Dataset records:
============

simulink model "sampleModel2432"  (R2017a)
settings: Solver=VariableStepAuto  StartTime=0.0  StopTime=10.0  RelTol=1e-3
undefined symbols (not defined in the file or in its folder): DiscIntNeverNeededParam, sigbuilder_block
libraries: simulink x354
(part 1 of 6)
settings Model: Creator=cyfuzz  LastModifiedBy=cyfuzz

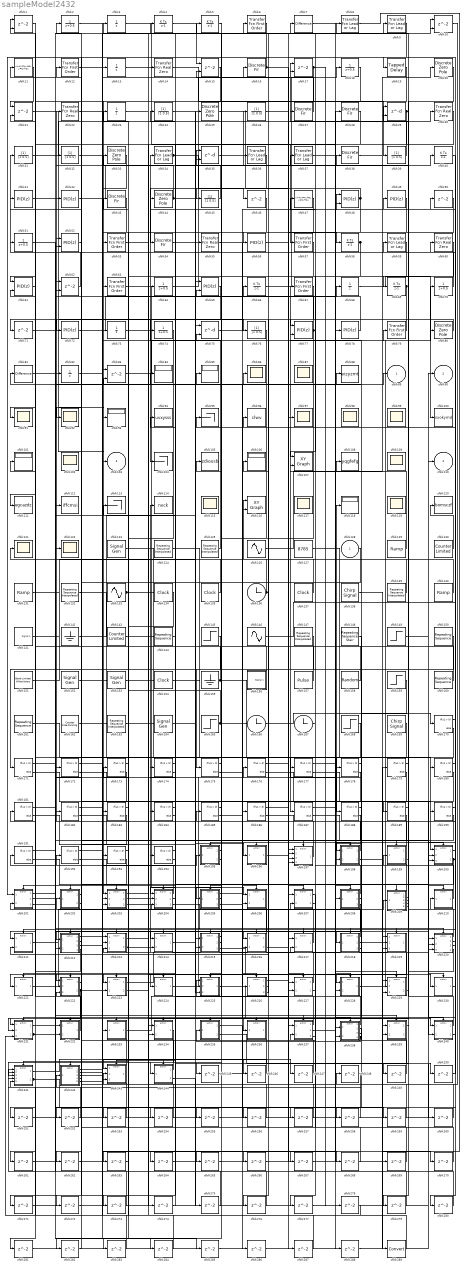
== system sampleModel2432 ==
  cfblk128 : Inport
  cfblk{1,10,15,17,21,62,83} (7 alike) : Delay  ShowEnablePort=on  SampleTime=1
      settings: InputPortMap=u0,e6
  cfblk100 : ToWorkspace  VariableName=sxokymd  SaveFormat=Timeseries  SampleTime=-1
  cfblk{84..85,93,101,106,118} (6 alike) : Display
  cfblk{86..87,91..92,97..99,102,109,115,117,119,121..122} (14 alike) : Scope
      cfblk102 settings: Floating=on
      cfblk109 settings: Floating=on
      cfblk115 settings: Floating=on
      cfblk117 settings: Floating=on
      cfblk119 settings: Floating=on
      cfblk87 settings: Floating=on
      cfblk98 settings: Floating=on
      cfblk99 settings: Floating=on
  cfblk104 : Terminator
  cfblk105 : ToWorkspace  VariableName=zdioxsb  SaveFormat=Timeseries  SampleTime=-1
  cfblk107 : simulink/Sinks/XY Graph  xmin=-1  xmax=1  ymin=-1  ymax=1  st=-1
  cfblk108 : ToWorkspace  VariableName=yqgfefg  SaveFormat=Timeseries  SampleTime=-1
  cfblk11 : DiscreteStateSpace
  cfblk111 : ToWorkspace  VariableName=egcazdz  SaveFormat=Timeseries  SampleTime=-1
  cfblk112 : ToWorkspace  VariableName=iffcmsi  SaveFormat=Timeseries  SampleTime=-1
  cfblk113 : Terminator
  cfblk114 : ToFile  Filename=nxck  SaveFormat=Timeseries
  cfblk116 : simulink/Sinks/XY Graph  xmin=-1  xmax=1  ymin=-1  ymax=1  st=-1
  cfblk{6,12,53,57,63,67,79} (7 alike) : simulink/Discrete/Transfer Fcn First Order  PoleZ=0.95  ICPrevOutput=0.0  DoSatur=off
      settings: SourceProductName=Simulink
  cfblk120 : ToWorkspace  VariableName=bomsczf  SaveFormat=Timeseries  SampleTime=-1
  cfblk{123,152..153,164} (4 alike) : SignalGenerator  Units=rad/sec
  cfblk{124..125,132,139,147,163} (6 alike) : simulink/Sources/Repeating Sequence Interpolated  OutValues=[3 1 4 2 1].'  TimeValues=[0 0.1 0.5 0.6 1].'  LookUpMeth=Interpolation-Use End Values  tsamp=0.01  OutMin=[]  OutMax=[]  OutDataTypeStr=double  OutputDataTypeScalingMode=double  OutDataType=fixdt(0,8)  OutScaling=2^-10
  cfblk126 : Sin  SampleTime=0
  cfblk127 : Constant  Value=8785
  cfblk129 : simulink/Sources/Ramp  slope=1  start=0  X0=0
  cfblk{3,13,23,68,73,82} (6 alike) : UnitDelay
  cfblk130 : simulink/Sources/Counter Limited  uplimit=7  tsamp=-1
  cfblk131 : simulink/Sources/Ramp  slope=1  start=0  X0=0
  cfblk133 : Sin  SampleTime=0
  cfblk{134..135,137,154} (4 alike) : DigitalClock
  cfblk136 : Clock
  cfblk138 : simulink/Sources/Chirp Signal  f1=0.1  T=100  f2=1
  cfblk{14,22,30,55,60} (5 alike) : simulink/Discrete/Transfer Fcn Real Zero  ZeroZ=0.75  ICPrevInput=0.0  DoSatur=off
      settings: SourceProductName=Simulink  SourceProductBaseCode=SL
  cfblk140 : simulink/Sources/Ramp  slope=1  start=0  X0=0
  cfblk141 : Subsystem  Tag=STV Subsys  LoadFcn=sigbuilder_block('load');  StartFcn=sigbuilder_block('start');  StopFcn=sigbuilder_block('stop');  ClipboardFcn=sigbuilder_block('clipboard');  mask(Sigbuilder block){tuvar=[0:10]}
      mask help: Simulink:masks:SigbuilderBlock_MD
      mask init:
      | if ~strcmp(get_param(bdroot(gcbh),'SimulationStatus'),'stopped') tuvar = sigbuilder_block('maskInit'); end
      settings: CopyFcn=sigbuilder_block('copy');  DeleteFcn=sigbuilder_block('delete');  ModelCloseFcn=sigbuilder_block('modelClose');  PreSaveFcn=sigbuilder_block('preSave');  PauseFcn=sigbuilder_block('pause');  ContinueFcn=sigbuilder_block('continue');  NameChangeFcn=sigbuilder_block('namechange');  OpenFcn=sigbuilder_block('open',[437.6 199.2 550.4 400 ]);  CloseFcn=sigbuilder_block('close');
      mask Display: plot(0, 0, 100, 100,[2, 2, 32, 32, 2], [68, 8, 8, 68, 68],[32, 2], [38, 38], [32, 19, 2],[53, 60, 44], [32, 17, 17, 2],[16, 16, 31, 31]);txt = getActiveGroup(gcbh);text(2, 100, txt,'verticalAlignment', 'top');
  cfblk142 : Ground
  cfblk143 : simulink/Sources/Counter Limited  uplimit=7  tsamp=-1
  cfblk{144,150,160..161} (4 alike) : simulink/Sources/Repeating Sequence  rep_seq_t=[0 2]  rep_seq_y=[0 2]
  cfblk145 : Step  After=94  SampleTime=0
  cfblk146 : Sin  SampleTime=0
  cfblk148 : simulink/Sources/Repeating Sequence Stair  OutValues=[3 1 4 2 1].'  tsamp=-1  OutMin=[]  OutMax=[]  OutDataTypeStr=double  OutputDataTypeScalingMode=double  OutDataType=fixdt(0,8)  ConRadixGroup=Best Precision: Vector-wise  OutScaling=2^-12
  cfblk149 : Step  After=59  SampleTime=0
  cfblk151 : simulink/Sources/Band-Limited White Noise  Cov=[0.1]  Ts=0.1  seed=[23341]
  cfblk155 : Ground
  cfblk156 : Subsystem  Tag=STV Subsys  LoadFcn=sigbuilder_block('load');  StartFcn=sigbuilder_block('start');  StopFcn=sigbuilder_block('stop');  ClipboardFcn=sigbuilder_block('clipboard');  mask(Sigbuilder block){tuvar=[0:10]}
      mask help: Simulink:masks:SigbuilderBlock_MD
      mask init:
      | if ~strcmp(get_param(bdroot(gcbh),'SimulationStatus'),'stopped') tuvar = sigbuilder_block('maskInit'); end
      settings: CopyFcn=sigbuilder_block('copy');  DeleteFcn=sigbuilder_block('delete');  ModelCloseFcn=sigbuilder_block('modelClose');  PreSaveFcn=sigbuilder_block('preSave');  PauseFcn=sigbuilder_block('pause');  ContinueFcn=sigbuilder_block('continue');  NameChangeFcn=sigbuilder_block('namechange');  OpenFcn=sigbuilder_block('open',[437.6 199.2 550.4 400 ]);  CloseFcn=sigbuilder_block('close');
      mask Display: plot(0, 0, 100, 100,[2, 2, 32, 32, 2], [68, 8, 8, 68, 68],[32, 2], [38, 38], [32, 19, 2],[53, 60, 44], [32, 17, 17, 2],[16, 16, 31, 31]);txt = getActiveGroup(gcbh);text(2, 100, txt,'verticalAlignment', 'top');
  cfblk157 : DiscretePulseGenerator  PulseType=Time based  Period=10  PulseWidth=5
  cfblk158 : UniformRandomNumber  SampleTime=0.1
  cfblk159 : Step  After=53  SampleTime=0
  cfblk{16,27..28,38,43,54} (6 alike) : DiscreteFir  SampleTime=1
  cfblk162 : simulink/Sources/Counter Free-Running  NumBits=16  tsamp=-1
  cfblk165 : Step  After=66  SampleTime=0
  cfblk166 : Clock
  cfblk167 : Clock
  cfblk168 : Step  After=29  SampleTime=0
  cfblk169 : simulink/Sources/Chirp Signal  f1=0.1  T=100  f2=1
  cfblk{170..194} (25 alike) : If  SampleTime=1
  cfblk{2,18,51,64,70,74} (6 alike) : DiscreteTransferFcn  SampleTime=1
  cfblk19 : simulink/Discrete/Tapped Delay  vinit=0.0  samptime=-1  NumDelays=1  DelayOrder=Oldest  includeCurrent=off
  cfblk195 : Subsystem  TreatAsAtomicUnit=on
  cfblk196 : Subsystem  TreatAsAtomicUnit=on
  cfblk197 : Subsystem  TreatAsAtomicUnit=on
  cfblk198 : Subsystem  TreatAsAtomicUnit=on
  cfblk199 : Subsystem  TreatAsAtomicUnit=on
  cfblk{20,25,33,44,80} (5 alike) : DiscreteZeroPole  Poles=[0 0.5]  Gain=1
  cfblk200 : Subsystem  TreatAsAtomicUnit=on
  cfblk201 : Subsystem  TreatAsAtomicUnit=on
  cfblk202 : Subsystem  TreatAsAtomicUnit=on
  cfblk203 : Subsystem  TreatAsAtomicUnit=on
  cfblk204 : Subsystem  TreatAsAtomicUnit=on
  cfblk205 : Subsystem  TreatAsAtomicUnit=on
  cfblk206 : Subsystem  TreatAsAtomicUnit=on
  cfblk207 : Subsystem  TreatAsAtomicUnit=on
  cfblk208 : Subsystem  TreatAsAtomicUnit=on
  cfblk209 : Subsystem  TreatAsAtomicUnit=on
  cfblk210 : Subsystem  TreatAsAtomicUnit=on
  cfblk211 : Subsystem  TreatAsAtomicUnit=on
  cfblk212 : Subsystem  TreatAsAtomicUnit=on
  cfblk213 : Subsystem  TreatAsAtomicUnit=on
  cfblk214 : Subsystem  TreatAsAtomicUnit=on
  cfblk215 : Subsystem  TreatAsAtomicUnit=on
  cfblk216 : Subsystem  TreatAsAtomicUnit=on
  cfblk217 : Subsystem  TreatAsAtomicUnit=on
  cfblk218 : Subsystem  TreatAsAtomicUnit=on
  cfblk219 : Subsystem  TreatAsAtomicUnit=on
  cfblk220 : Subsystem  TreatAsAtomicUnit=on
  cfblk221 : Subsystem  TreatAsAtomicUnit=on
  cfblk222 : Subsystem  TreatAsAtomicUnit=on
  cfblk223 : Subsystem  TreatAsAtomicUnit=on
  cfblk224 : Subsystem  TreatAsAtomicUnit=on
  cfblk225 : Subsystem  TreatAsAtomicUnit=on
  cfblk226 : Subsystem  TreatAsAtomicUnit=on
  cfblk227 : Subsystem  TreatAsAtomicUnit=on
  cfblk228 : Subsystem  TreatAsAtomicUnit=on
  cfblk229 : Subsystem  TreatAsAtomicUnit=on
  cfblk230 : Subsystem  TreatAsAtomicUnit=on
  cfblk231 : Subsystem  TreatAsAtomicUnit=on
  cfblk232 : Subsystem  TreatAsAtomicUnit=on
  cfblk233 : Subsystem  TreatAsAtomicUnit=on
  cfblk234 : Subsystem  TreatAsAtomicUnit=on
  cfblk235 : Subsystem  TreatAsAtomicUnit=on
  cfblk236 : Subsystem  TreatAsAtomicUnit=on
  cfblk237 : Subsystem  TreatAsAtomicUnit=on
  cfblk238 : Subsystem  TreatAsAtomicUnit=on
  cfblk239 : Subsystem  TreatAsAtomicUnit=on
  cfblk{24,26,31..32,39,45,76} (7 alike) : DiscreteFilter  SampleTime=1
  cfblk240 : Subsystem  TreatAsAtomicUnit=on
  cfblk241 : Subsystem  TreatAsAtomicUnit=on
  cfblk242 : Subsystem  TreatAsAtomicUnit=on
  cfblk243 : Subsystem  TreatAsAtomicUnit=on
  cfblk244 : Subsystem  TreatAsAtomicUnit=on
  cfblk{46,50,71,245..288} (47 alike) : Delay  SampleTime=1
  cfblk289 : DataTypeConversion
  cfblk29 : Delay  DelayLengthSource=Input port  SampleTime=1
      settings: InputPortMap=u0,p1
  cfblk{8..9,34,36..37,59} (6 alike) : simulink/Discrete/Transfer Fcn Lead or Lag  PoleZ=0.95  ZeroZ=0.75  ICPrevOutput=0.0  ICPrevInput=0.0  DoSatur=off
      settings: SourceProductName=Simulink  SourceProductBaseCode=SL
  cfblk35 : Delay  DelayLengthSource=Input port  SampleTime=1
      settings: InputPortMap=u0,p1
  cfblk{4..5,40,58,66,69} (6 alike) : DiscreteIntegrator  InitialConditionSetting=State (most efficient)  ICPrevOutput=DiscIntNeverNeededParam  ICPrevScaledInput=DiscIntNeverNeededParam
  cfblk{41..42,49,56,72,78} (6 alike) : simulink/Continuous/PID Controller  Controller=PID  TimeDomain=Discrete-time  SampleTime=1  IntegratorMethod=Forward Euler  FilterMethod=Forward Euler  Form=Parallel  UseFilter=on  ControllerParametersSource=internal  P=1  I=1  D=0  N=100  InitialConditionSource=internal  InitialConditionForIntegrator=0  InitialConditionForFilter=0  ExternalReset=none  LimitOutput=off  UpperSaturationLimit=inf  LowerSaturationLimit=-inf  LinearizeAsGain=off  AntiWindupMode=none  Kb=1  TrackingMode=off  Kt=1  PParamMin=[]  PParamMax=[]  IParamMin=[]  IParamMax=[]  DParamMin=[]  DParamMax=[]  NParamMin=[]  NParamMax=[]  KbParamMin=[]  KbParamMax=[]  KtParamMin=[]  KtParamMax=[]  POutMin=[]  POutMax=[]  IOutMin=[]  IOutMax=[]  DOutMin=[]  DOutMax=[]  NOutMin=[]  NOutMax=[]  KbOutMin=[]  KbOutMax=[]  KtOutMin=[]  KtOutMax=[]  IntegratorOutMin=[]  IntegratorOutMax=[]  FilterOutMin=[]  FilterOutMax=[]  SumOutMin=[]  SumOutMax=[]  SumI1OutMin=[]  SumI1OutMax=[]  SumI2OutMin=[]  SumI2OutMax=[]  SumI3OutMin=[]  SumI3OutMax=[]  SumDOutMin=[]  SumDOutMax=[]  SaturationOutMin=[]  SaturationOutMax=[]  IntegratorContinuousStateAttributes=''  IntegratorStateMustResolveToSignalObject=off  IntegratorRTWStateStorageClass=Auto  FilterContinuousStateAttributes=''  FilterStateMustResolveToSignalObject=off  FilterRTWStateStorageClass=Auto  DifferentiatorICPrevScaledInput=0  DifferentiatorOutMin=[]  DifferentiatorOutMax=[]  InitialConditionSetting=State (most efficient)
  cfblk47 : DiscreteStateSpace
  cfblk{48,52,61,65,77} (5 alike) : simulink/Continuous/PID Controller (2DOF)  Controller=PID  TimeDomain=Discrete-time  SampleTime=1  IntegratorMethod=Forward Euler  FilterMethod=Forward Euler  Form=Parallel  UseFilter=on  ControllerParametersSource=internal  P=1  I=1  D=0  N=100  b=1  c=1  InitialConditionSource=internal  InitialConditionForIntegrator=0  InitialConditionForFilter=0  ExternalReset=none  LimitOutput=off  UpperSaturationLimit=inf  LowerSaturationLimit=-inf  LinearizeAsGain=off  AntiWindupMode=none  Kb=1  TrackingMode=off  Kt=1  PParamMin=[]  PParamMax=[]  IParamMin=[]  IParamMax=[]  DParamMin=[]  DParamMax=[]  NParamMin=[]  NParamMax=[]  bParamMin=[]  bParamMax=[]  cParamMin=[]  cParamMax=[]  KbParamMin=[]  KbParamMax=[]  KtParamMin=[]  KtParamMax=[]  POutMin=[]  POutMax=[]  IOutMin=[]  IOutMax=[]  DOutMin=[]  DOutMax=[]  NOutMin=[]  NOutMax=[]  bOutMin=[]  bOutMax=[]  cOutMin=[]  cOutMax=[]  KbOutMin=[]  KbOutMax=[]  KtOutMin=[]  KtOutMax=[]  IntegratorOutMin=[]  IntegratorOutMax=[]  FilterOutMin=[]  FilterOutMax=[]  SumOutMin=[]  SumOutMax=[]  Sum1OutMin=[]  Sum1OutMax=[]  Sum2OutMin=[]  Sum2OutMax=[]  Sum3OutMin=[]  Sum3OutMax=[]  SumI1OutMin=[]  SumI1OutMax=[]  SumI2OutMin=[]  SumI2OutMax=[]  SumI3OutMin=[]  SumI3OutMax=[]  SumDOutMin=[]  SumDOutMax=[]  SaturationOutMin=[]  SaturationOutMax=[]  IntegratorContinuousStateAttributes=''  IntegratorStateMustResolveToSignalObject=off  IntegratorRTWStateStorageClass=Auto  FilterContinuousStateAttributes=''  FilterStateMustResolveToSignalObject=off  FilterRTWStateStorageClass=Auto  DifferentiatorICPrevScaledInput=0  DifferentiatorOutMin=[]  DifferentiatorOutMax=[]  InitialConditionSetting=State (most efficient)
  cfblk7 : simulink/Discrete/Difference  ICPrevInput=0.0  OutMin=[]  OutMax=[]  OutDataTypeStr=Inherit: Inherit via back propagation  OutDataType=fixdt(1, 16)  OutScaling=2^-10  DoSatur=off
  cfblk75 : Delay  DelayLengthSource=Input port  SampleTime=1
      settings: InputPortMap=u0,p1
  cfblk81 : simulink/Discrete/Difference  ICPrevInput=0.0  OutMin=[]  OutMax=[]  OutDataTypeStr=Inherit: Inherit via back propagation  OutDataType=fixdt(1, 16)  OutScaling=2^-10  DoSatur=off
  cfblk88 : ToWorkspace  VariableName=eizyzmt  SaveFormat=Timeseries  SampleTime=-1
  cfblk94 : ToWorkspace  VariableName=uvxysss  SaveFormat=Timeseries  SampleTime=-1
  cfblk95 : Terminator
  cfblk96 : ToFile  Filename=clwv  SaveFormat=Timeseries
  cfblk89 : Outport
  cfblk90 : Outport  Port=2
  cfblk103 : Outport  Port=3
  cfblk110 : Outport  Port=4
  wires:
  cfblk64/1 -> cfblk16/1
  cfblk66/1 -> cfblk18/1
  cfblk43/1 -> cfblk203/1(cfblk1)
  cfblk69/1 -> cfblk262/1, cfblk272/1
  cfblk68/1 -> cfblk100/1
  cfblk33/1 -> cfblk193/1
  cfblk137/1 -> cfblk116/1
  cfblk225/1(cfblk2) -> cfblk240/1(cfblk1)
  cfblk166/1 -> cfblk170/1
  cfblk21/1 -> cfblk76/1
  cfblk136/1 -> cfblk121/1, cfblk216/1(cfblk1)
  cfblk83/1 -> cfblk79/1
  cfblk19/1 -> cfblk83/1
  cfblk63/1 -> cfblk206/1(cfblk1)
  cfblk146/1 -> cfblk19/1
  cfblk150/1 -> cfblk175/1
  cfblk16/1 -> cfblk201/1(cfblk1), cfblk229/2(cfblk12)
  cfblk228/1(cfblk2) -> cfblk70/1
  cfblk4/1 -> cfblk15/1
  cfblk165/1 -> cfblk200/1(cfblk1), cfblk43/1, cfblk227/1(cfblk1)
  cfblk224/1(cfblk2) -> cfblk67/1
  cfblk230/1(cfblk2) -> cfblk50/1
  cfblk41/1 -> cfblk93/1
  cfblk202/1(cfblk2) -> cfblk181/1
  cfblk125/1 -> cfblk34/1
  cfblk5/1 -> cfblk205/1(cfblk1)
  cfblk199/1(cfblk2) -> cfblk85/1
  cfblk58/1 -> cfblk107/1, cfblk227/2(cfblk11)
  cfblk164/1 -> cfblk55/1
  cfblk62/1 -> cfblk31/1
  cfblk221/1(cfblk2) -> cfblk25/1
  cfblk210/1(cfblk2) -> cfblk199/1(cfblk1)
  cfblk207/1(cfblk2) -> cfblk224/1(cfblk1)
  cfblk149/1 -> cfblk90/1
  cfblk39/1 -> cfblk17/1
  cfblk227/1(cfblk2) -> cfblk113/1
  cfblk71/1 -> cfblk103/1
  cfblk73/1 -> cfblk104/1
  cfblk131/1 -> cfblk75/1
  cfblk198/1(cfblk2) -> cfblk22/1
  cfblk52/1 -> cfblk11/1
  cfblk151/1 -> cfblk13/1
  cfblk229/1(cfblk2) -> cfblk114/1
  cfblk82/1 -> cfblk17/2
  cfblk34/1 -> cfblk46/1, cfblk220/3(cfblk11)
  cfblk54/1 -> cfblk218/1(cfblk1)
  cfblk36/1 -> cfblk54/1
  cfblk209/1(cfblk2) -> cfblk27/1
  cfblk1/1 -> cfblk71/1
  cfblk75/1 -> cfblk48/1
  cfblk78/1 -> cfblk2/1
  cfblk234/1(cfblk2) -> cfblk243/2(cfblk11)
  cfblk14/1 -> cfblk39/1
  cfblk18/1 -> cfblk203/3(cfblk14)
  cfblk129/1 -> cfblk107/2
  cfblk3/1 -> cfblk57/1
  cfblk208/1(cfblk2) -> cfblk118/1
  cfblk205/1(cfblk2) -> cfblk240/2(cfblk7)
  cfblk206/1(cfblk2) -> cfblk214/1(cfblk1)
  cfblk133/1 -> cfblk226/1(cfblk1), cfblk197/4(cfblk16)
  cfblk218/1(cfblk2) -> cfblk52/1
  cfblk42/1 -> cfblk37/1
  cfblk156/1(Signal 1) -> cfblk82/1
  cfblk48/1 -> cfblk204/1(cfblk1), cfblk45/1
  cfblk2/1 -> cfblk63/1
  cfblk123/1 -> cfblk238/1(cfblk1)
  cfblk223/1(cfblk2) -> cfblk110/1
  cfblk11/1 -> cfblk21/1
  cfblk70/1 -> cfblk21/2
  cfblk219/1(cfblk2) -> cfblk221/1(cfblk1)
  cfblk29/1 -> cfblk61/1, cfblk69/1
  cfblk139/1 -> cfblk108/1
  cfblk199/2(cfblk11) -> cfblk59/1
  cfblk242/1(cfblk2) -> cfblk38/1
  cfblk59/1 -> cfblk77/1
  cfblk79/1 -> cfblk72/1
  cfblk212/1(cfblk2) -> cfblk40/1
  cfblk153/1 -> cfblk188/1
  cfblk24/1 -> cfblk196/1(cfblk1)
  cfblk37/1 -> cfblk190/1
  cfblk154/1 -> cfblk187/1
  cfblk128/1 -> cfblk222/1(cfblk1)
  cfblk132/1 -> cfblk180/1
  cfblk124/1 -> cfblk207/1(cfblk1)
  cfblk13/1 -> cfblk78/1
  cfblk141/1(Signal 1) -> cfblk64/1
  cfblk25/1 -> cfblk237/1(cfblk1)
  cfblk152/1 -> cfblk238/2(cfblk12)
  cfblk242/2(cfblk14) -> cfblk195/1(cfblk1)
  cfblk135/1 -> cfblk94/1
  cfblk77/1 -> cfblk7/1, cfblk35/2, cfblk255/1
  cfblk46/1 -> cfblk53/1
  cfblk240/1(cfblk2) -> cfblk29/1
  cfblk195/2(cfblk7) -> cfblk44/1
  cfblk26/1 -> cfblk58/1
  cfblk127/1 -> cfblk219/1(cfblk1)
  cfblk72/1 -> cfblk66/1
  cfblk148/1 -> cfblk198/1(cfblk1)
  cfblk27/1 -> cfblk15/2
  cfblk38/1 -> cfblk20/1
  cfblk81/1 -> cfblk236/1(cfblk1)
  cfblk9/1 -> cfblk92/1
  cfblk50/1 -> cfblk56/1
  cfblk126/1 -> cfblk29/2
  cfblk203/2(cfblk15) -> cfblk68/1
  cfblk213/2(cfblk9) -> cfblk201/2(cfblk11), cfblk225/3(cfblk15)
  cfblk32/1 -> cfblk73/1
  cfblk203/3(cfblk16) -> cfblk207/2(cfblk8)
  cfblk204/1(cfblk2) -> cfblk101/1
  cfblk31/1 -> cfblk30/1
  cfblk80/1 -> cfblk74/1
  cfblk202/2(cfblk9) -> cfblk122/1
  cfblk138/1 -> cfblk239/1(cfblk1)
  cfblk233/1(cfblk2) -> cfblk197/1(cfblk1)
  cfblk238/1(cfblk2) -> cfblk4/1
  cfblk161/1 -> cfblk208/1(cfblk1)
  cfblk229/2(cfblk14) -> cfblk6/1
  cfblk12/1 -> cfblk9/1
  cfblk145/1 -> cfblk171/1
  cfblk157/1 -> cfblk106/1
  cfblk211/1(cfblk2) -> cfblk186/1
  cfblk57/1 -> cfblk116/2
  cfblk35/1 -> cfblk26/1
  cfblk17/1 -> cfblk91/1, cfblk278/1
  cfblk45/1 -> cfblk24/1
  cfblk158/1 -> cfblk1/1
  cfblk240/2(cfblk8) -> cfblk49/1
  cfblk241/2(cfblk12) -> cfblk84/1, cfblk286/1
  cfblk242/3(cfblk15) -> cfblk80/1
  cfblk47/1 -> cfblk197/2(cfblk14)
  cfblk208/2(cfblk7) -> cfblk77/2
  cfblk212/2(cfblk10) -> cfblk32/1
  cfblk243/1(cfblk2) -> cfblk182/1
  cfblk140/1 -> cfblk61/2
  cfblk15/1 -> cfblk111/1
  cfblk214/1(cfblk2) -> cfblk209/1(cfblk1)
  cfblk197/1(cfblk2) -> cfblk23/1
  cfblk134/1 -> cfblk223/1(cfblk1)
  cfblk53/1 -> cfblk36/1
  cfblk220/1(cfblk2) -> cfblk96/1
  cfblk223/2(cfblk9) -> cfblk14/1
  cfblk220/2(cfblk12) -> cfblk184/1
  cfblk205/2(cfblk7) -> cfblk105/1
  cfblk160/1 -> cfblk5/1
  cfblk167/1 -> cfblk47/1
  cfblk205/3(cfblk8) -> cfblk89/1
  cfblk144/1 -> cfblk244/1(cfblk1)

============

Exercise prompt – Your answer should consist only of the lines above between the line holding "cfblk24/1 -> cfblk196/1(cfblk1)" and the line holding "cfblk27/1 -> cfblk15/2", inclusive, each transcribed exactly.

Response –
  cfblk24/1 -> cfblk196/1(cfblk1)
  cfblk37/1 -> cfblk190/1
  cfblk154/1 -> cfblk187/1
  cfblk128/1 -> cfblk222/1(cfblk1)
  cfblk132/1 -> cfblk180/1
  cfblk124/1 -> cfblk207/1(cfblk1)
  cfblk13/1 -> cfblk78/1
  cfblk141/1(Signal 1) -> cfblk64/1
  cfblk25/1 -> cfblk237/1(cfblk1)
  cfblk152/1 -> cfblk238/2(cfblk12)
  cfblk242/2(cfblk14) -> cfblk195/1(cfblk1)
  cfblk135/1 -> cfblk94/1
  cfblk77/1 -> cfblk7/1, cfblk35/2, cfblk255/1
  cfblk46/1 -> cfblk53/1
  cfblk240/1(cfblk2) -> cfblk29/1
  cfblk195/2(cfblk7) -> cfblk44/1
  cfblk26/1 -> cfblk58/1
  cfblk127/1 -> cfblk219/1(cfblk1)
  cfblk72/1 -> cfblk66/1
  cfblk148/1 -> cfblk198/1(cfblk1)
  cfblk27/1 -> cfblk15/2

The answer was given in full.